About this exercise => Reproduce, with no alteration, the span of lines that begins at the line containing "- Passend:11 [Mate]: Bauteil1:1 ↔ Spring:3" and ends at the last line of the records, both ends included, and nothing else.

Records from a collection
# # #

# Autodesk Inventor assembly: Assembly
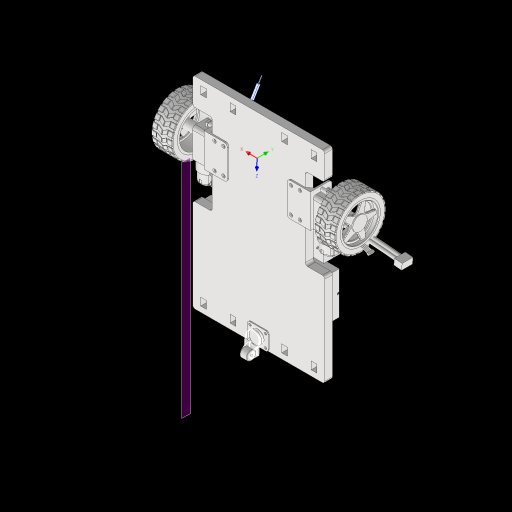
[picture p0: Inventor's stored thumbnail of the model, 512x512]
Saved by Autodesk Inventor 2024.3 (Build 283343010, 343A)
## iProperties
Created: 2025-04-09
Part Number: Assembly
Document SubType Name: Assembly
Designer: Oleg Kelner
Author: Oleg Kelner
## Documents named in this file (11)
- D:\Study\Prototyping\Assembly.iam
- D:\Work\HSHL\Kart\Kart Assembly Parts\chassis.ipt
- D:\Work\HSHL\Kart\Kart Assembly Parts\motor-with-tire.ipt
- D:\Study\Prototyping\motorHolder_MIR.ipt
- D:\Work\HSHL\Kart\Kart Assembly Parts\front-wheel.ipt
- D:\Work\HSHL\Kart\Kart Assembly Parts\motor-with-tire_MIR.ipt
- D:\Study\Prototyping\motorHolder_MIR_MIR.ipt
- D:\Work\HSHL\Kart\Kart Assembly Parts\lipo-battery.ipt
- D:\Work\HSHL\Kart\Kart Assembly Parts\arduino.ipt
- D:\Work\HSHL\Kart\Kart Assembly Parts\breadboard.ipt
- D:\Work\HSHL\Kart\Kart Assembly Parts\motorcontroler.ipt
## Components (10 placed, 10 different names)
1. chassis:1 — Angle:1, Planar:2, Mate:1, Mate:2, Flush:1, Mate:3, Mate:4, Mate:5, Rigid:1, Planar:3, Angle:2, Planar:4, Angle:3, Planar:5, Angle:4, Planar:6
2. motor-with-tire:1 — Rotational:4, Tangent:1, Rotational:5
3. motorHolder_MIR:1 — Rotational:4, Rotational:5, Planar:2, Mate:1, Mate:2
4. front-wheel:1 — Rigid:1
5. motor-with-tire_MIR:1 — Tangent:3, Rotational:6, Rotational:7
6. motorHolder_MIR_MIR:1 — Rotational:6, Rotational:7, Mate:3, Mate:4, Mate:5
7. lipo-battery:1 — Planar:3, Angle:2
8. arduino:1 — Planar:5, Angle:4
9. breadboard:1 — Planar:4, Angle:3
10. motorcontroler:1 — Planar:6
## Relationships (22: PlanarJoint 5, Mate 5, RevoluteJoint 4, Angle 4, Tangent 2, Flush 1, WeldJoint 1)
- Rotational:4 [RevoluteJoint]: motor-with-tire:1 ↔ motorHolder_MIR:1
- Angle:1 (0 deg): chassis:1
- Tangent:1: motor-with-tire:1
- Rotational:5 [RevoluteJoint]: motor-with-tire:1 ↔ motorHolder_MIR:1
- Planar:2: chassis:1 ↔ motorHolder_MIR:1
- Mate:1 (-21.5 mm): chassis:1 ↔ motorHolder_MIR:1
- Mate:2 (18 mm): chassis:1 ↔ motorHolder_MIR:1
- Flush:1 (-85 mm): chassis:1
- Tangent:3: motor-with-tire_MIR:1
- Rotational:6 [RevoluteJoint]: motor-with-tire_MIR:1 ↔ motorHolder_MIR_MIR:1
- Rotational:7 [RevoluteJoint]: motor-with-tire_MIR:1 ↔ motorHolder_MIR_MIR:1
- Mate:3 (-21.5 mm): chassis:1 ↔ motorHolder_MIR_MIR:1
- Mate:4 (18 mm): chassis:1 ↔ motorHolder_MIR_MIR:1
- Mate:5: chassis:1 ↔ motorHolder_MIR_MIR:1
- Rigid:1 [WeldJoint]: chassis:1 ↔ front-wheel:1
- Planar:3: chassis:1 ↔ lipo-battery:1
- Angle:2 (0 deg): chassis:1 ↔ lipo-battery:1
- Planar:4: chassis:1 ↔ breadboard:1
- Angle:3 (0 deg): chassis:1 ↔ breadboard:1
- Planar:5: chassis:1 ↔ arduino:1
- Angle:4 (0 deg): chassis:1 ↔ arduino:1
- Planar:6: chassis:1 ↔ motorcontroler:1
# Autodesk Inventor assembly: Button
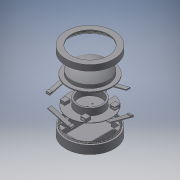
[picture p0: Inventor's stored thumbnail of the model, 180x180]
Saved by Autodesk Inventor 2016 SP2 (Build 200236200, 236)
## iProperties
Created: 2018-09-27
Part Number: Button
Material: Generisch
Document SubType Name: Assembly
Designer: Nils
Author: Nils
## Documents named in this file (7)
- C:\Users\Nils\Documents\Inventor\Bastelleien\Counter\Button\Button.iam
- C:\Users\Nils\Documents\Inventor\Bastelleien\Counter\Button\Bauteil1.ipt
- C:\Users\Nils\Documents\Inventor\Bastelleien\Counter\Button\Bauteil2.ipt
- C:\Users\Nils\Documents\Inventor\Bastelleien\Counter\Button\Spring.ipt
- C:\Users\Nils\Documents\Inventor\Bastelleien\Counter\Button\Spring2.ipt
- C:\Users\Nils\Documents\Inventor\Bastelleien\Counter\Button\Bauteil5.ipt
- C:\Users\Nils\Documents\Inventor\Bastelleien\Counter\Button\Bauteil6.ipt
## Components (9 placed, 6 different names)
1. Bauteil1:1 — Passend:2, Passend:3, Passend:4, Winkel:1, Passend:5, Passend:6, Passend:7, Passend:8, Passend:9, Passend:10, Passend:11, Passend:12, Passend:13, Passend:14, Passend:15, Passend:16, Passend:17, Passend:20, Passend:23
2. Bauteil2:1 — Passend:1, Passend:4, Passend:19, Passend:20, Passend:24
3. Spring:1 — Passend:5, Passend:6, Passend:13
4. Spring2:1 — Passend:21, Passend:22, Passend:23, Passend:24
5. Bauteil5:1 — Passend:1, Passend:3, Passend:18, Passend:19
6. Bauteil6:1 — Passend:2, Winkel:1, Passend:17, Passend:18, Passend:21, Passend:22
7. Spring:2 — Passend:9, Passend:10, Passend:15
8. Spring:3 — Passend:11, Passend:12, Passend:14
9. Spring:4 — Passend:7, Passend:8, Passend:16
## Relationships (25: Mate 24, Angle 1)
- Passend:1 [Mate]: Bauteil2:1 ↔ Bauteil5:1
- Passend:2 [Mate]: Bauteil1:1 ↔ Bauteil6:1
- Passend:3 [Mate]: Bauteil1:1 ↔ Bauteil5:1
- Passend:4 [Mate]: Bauteil1:1 ↔ Bauteil2:1
- Winkel:1 [Angle] (180 deg): Bauteil1:1 ↔ Bauteil6:1
- Passend:5 [Mate]: Bauteil1:1 ↔ Spring:1
- Passend:6 [Mate]: Bauteil1:1 ↔ Spring:1
- Passend:7 [Mate]: Bauteil1:1 ↔ Spring:4
- Passend:8 [Mate]: Bauteil1:1 ↔ Spring:4
- Passend:9 [Mate]: Bauteil1:1 ↔ Spring:2
- Passend:10 [Mate]: Bauteil1:1 ↔ Spring:2
- Passend:11 [Mate]: Bauteil1:1 ↔ Spring:3
- Passend:12 [Mate]: Bauteil1:1 ↔ Spring:3
- Passend:13 [Mate] (31.963 mm): Bauteil1:1 ↔ Spring:1
- Passend:14 [Mate] (36.579 mm): Bauteil1:1 ↔ Spring:3
- Passend:15 [Mate] (42.351 mm): Bauteil1:1 ↔ Spring:2
- Passend:16 [Mate] (45.387 mm): Bauteil1:1 ↔ Spring:4
- Passend:17 [Mate] (52.974 mm): Bauteil1:1 ↔ Bauteil6:1
- Passend:18 [Mate] (129.115 mm): Bauteil5:1 ↔ Bauteil6:1
- Passend:19 [Mate] (54.456 mm): Bauteil2:1 ↔ Bauteil5:1
- Passend:20 [Mate] (28.014 mm): Bauteil1:1 ↔ Bauteil2:1
- Passend:21 [Mate] (34 mm): Spring2:1 ↔ Bauteil6:1
- Passend:22 [Mate] (5 mm): Spring2:1 ↔ Bauteil6:1
- Passend:23 [Mate]: Bauteil1:1 ↔ Spring2:1
- Passend:24 [Mate] (51.5 mm): Bauteil2:1 ↔ Spring2:1

# # #

Solution for this task =>
- Passend:11 [Mate]: Bauteil1:1 ↔ Spring:3
- Passend:12 [Mate]: Bauteil1:1 ↔ Spring:3
- Passend:13 [Mate] (31.963 mm): Bauteil1:1 ↔ Spring:1
- Passend:14 [Mate] (36.579 mm): Bauteil1:1 ↔ Spring:3
- Passend:15 [Mate] (42.351 mm): Bauteil1:1 ↔ Spring:2
- Passend:16 [Mate] (45.387 mm): Bauteil1:1 ↔ Spring:4
- Passend:17 [Mate] (52.974 mm): Bauteil1:1 ↔ Bauteil6:1
- Passend:18 [Mate] (129.115 mm): Bauteil5:1 ↔ Bauteil6:1
- Passend:19 [Mate] (54.456 mm): Bauteil2:1 ↔ Bauteil5:1
- Passend:20 [Mate] (28.014 mm): Bauteil1:1 ↔ Bauteil2:1
- Passend:21 [Mate] (34 mm): Spring2:1 ↔ Bauteil6:1
- Passend:22 [Mate] (5 mm): Spring2:1 ↔ Bauteil6:1
- Passend:23 [Mate]: Bauteil1:1 ↔ Spring2:1
- Passend:24 [Mate] (51.5 mm): Bauteil2:1 ↔ Spring2:1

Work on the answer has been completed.